The goal of this thesis is to quantify the accuracy of WinSMASH ΔV estimations for side impact crashes, and to suggest possible means of improving side impact reconstruction accuracy. Crash tests provide a wealth of controlled crash response data against which to evaluate WinSMASH. Knowing the accuracy of WinSMASH in reconstructing crash tests, we can infer WinSMASH accuracy in reconstructing real-world side crashes. In this study, WinSMASH was compared to 70 NHTSA Moving Deformable Barrier (MDB) – to – vehicle side crash tests. Tested vehicles were primarily cars (as opposed to Light Trucks and Vans, or LTVs) from model years 1997 – 2001. For each test, the actual ΔV was determined from test instrumentation and this ΔV was compared to the WinSMASH-reconstructed ΔV of the same test.
WinSMASH was found to systemically over-predict struck vehicle resultant ΔV by 12% at time of vehicle separation, and by 22% at time of maximum crush. A similar pattern was observed for the MDB ΔV; WinSMASH over-predicted resultant MDB ΔV by 6.6% at separation, and by 23% at maximum crush. Error in user-estimated reconstruction parameters, namely Principal Direction Of Force (PDOF) error and damage offset, was controlled for in this analysis. Analysis of the results indicates that this over-prediction of ΔV is caused by over-estimation of the energy absorbed by struck vehicle damage. In turn, this ultimately stems from the vehicle stiffness parameters used by WinSMASH for this purpose. When WinSMASH was forced to use the correct amount of absorbed energy to reconstruct the crash tests, systemic over-prediction of ΔV disappeared.

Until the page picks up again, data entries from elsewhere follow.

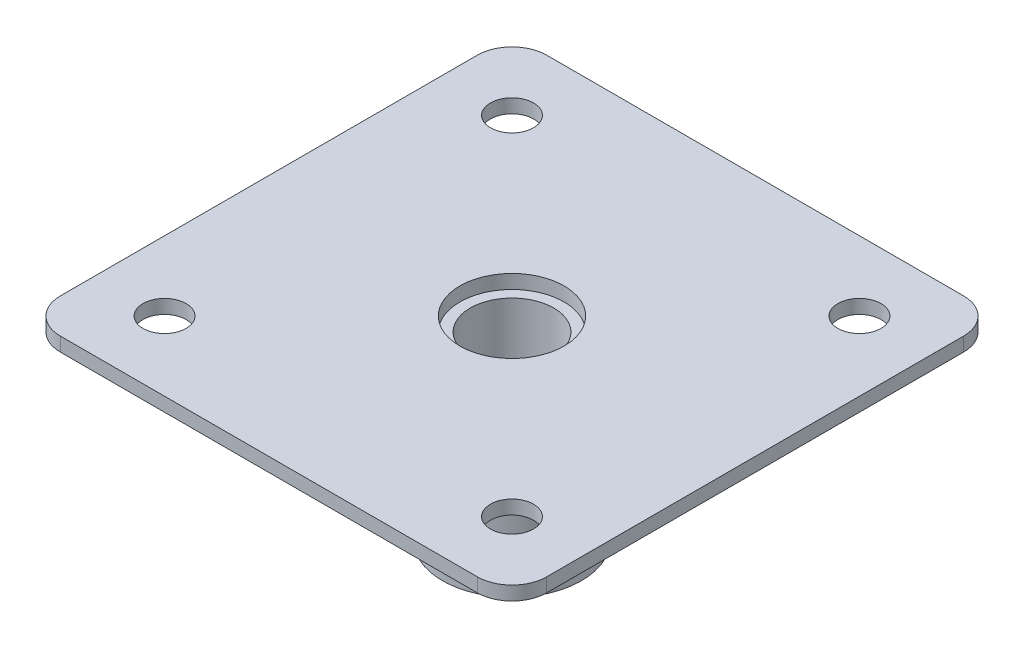
from build123d import *

# Parameters (mm, degrees)
SKETCH1_W           = 70
SKETCH1_H           = 70
SKETCH1_R           = 3.1
BOSS_EXTRUDE1_DEPTH = 2
FILLET1_R           = 5
SKETCH2_R           = 10
BOSS_EXTRUDE2_DEPTH = 26
SKETCH5_R           = 6
CUT_EXTRUDE1_DEPTH  = 57.868268832
SKETCH6_R           = 7.5
CUT_EXTRUDE2_DEPTH  = 2


with BuildPart() as part:
    # Sketch1 → Boss-Extrude1 (new body)
    with BuildSketch(Plane(origin=(0, 0, 0), x_dir=(1, 0, 0), z_dir=(0, 1, 0))):
        Rectangle(SKETCH1_W, SKETCH1_H)
        with Locations((25, 25)):
            Circle(SKETCH1_R, mode=Mode.SUBTRACT)
        with Locations((-25, -25)):
            Circle(SKETCH1_R, mode=Mode.SUBTRACT)
        with Locations((-25, 25)):
            Circle(SKETCH1_R, mode=Mode.SUBTRACT)
        with Locations((25, -25)):
            Circle(SKETCH1_R, mode=Mode.SUBTRACT)
    extrude(amount=BOSS_EXTRUDE1_DEPTH)

    # Fillet1
    fillet1_edges = [part.edges().sort_by_distance(p)[0] for p in [
        (35, 1, -35),
        (-35, 1, -35),
        (-35, 1, 35),
        (35, 1, 35),
    ]]
    fillet(fillet1_edges, radius=FILLET1_R)

    # Sketch2 → Boss-Extrude2 (add)
    with BuildSketch(Plane.XZ):
        Circle(SKETCH2_R)
    extrude(amount=BOSS_EXTRUDE2_DEPTH)

    # Sketch5 → Cut-Extrude1 (cut, through all)
    with BuildSketch(Plane.XZ.offset(26)):
        Circle(SKETCH5_R)
    extrude(amount=-CUT_EXTRUDE1_DEPTH, mode=Mode.SUBTRACT)

    # Sketch6 → Cut-Extrude2 (cut)
    with BuildSketch(Plane(origin=(0, 2, 0), x_dir=(1, 0, 0), z_dir=(0, 1, 0))):
        Circle(SKETCH6_R)
    extrude(amount=-CUT_EXTRUDE2_DEPTH, mode=Mode.SUBTRACT)


solid = part.part

WinSMASH accuracy when reconstructing side crash tests may be improved in two ways. First, providing WinSMASH with side stiffness parameters that are correlated to the correct amount of absorbed energy will correct the systemic over-prediction of absorbed energy when reconstructing NHTSA side crash tests. Second, providing some treatment of restitution in the reconstruction process will correct the under-prediction of ΔV due to WinSMASH‟s assumption of zero restitution. At present, this under-prediction partially masks the overprediction of ΔV caused by over-prediction of absorbed energy. If the over-prediction of absorbed energy is corrected, proper treatment of restitution will correct much of the remaining error observed in WinSMASH reconstructions of NHTSA side crash tests.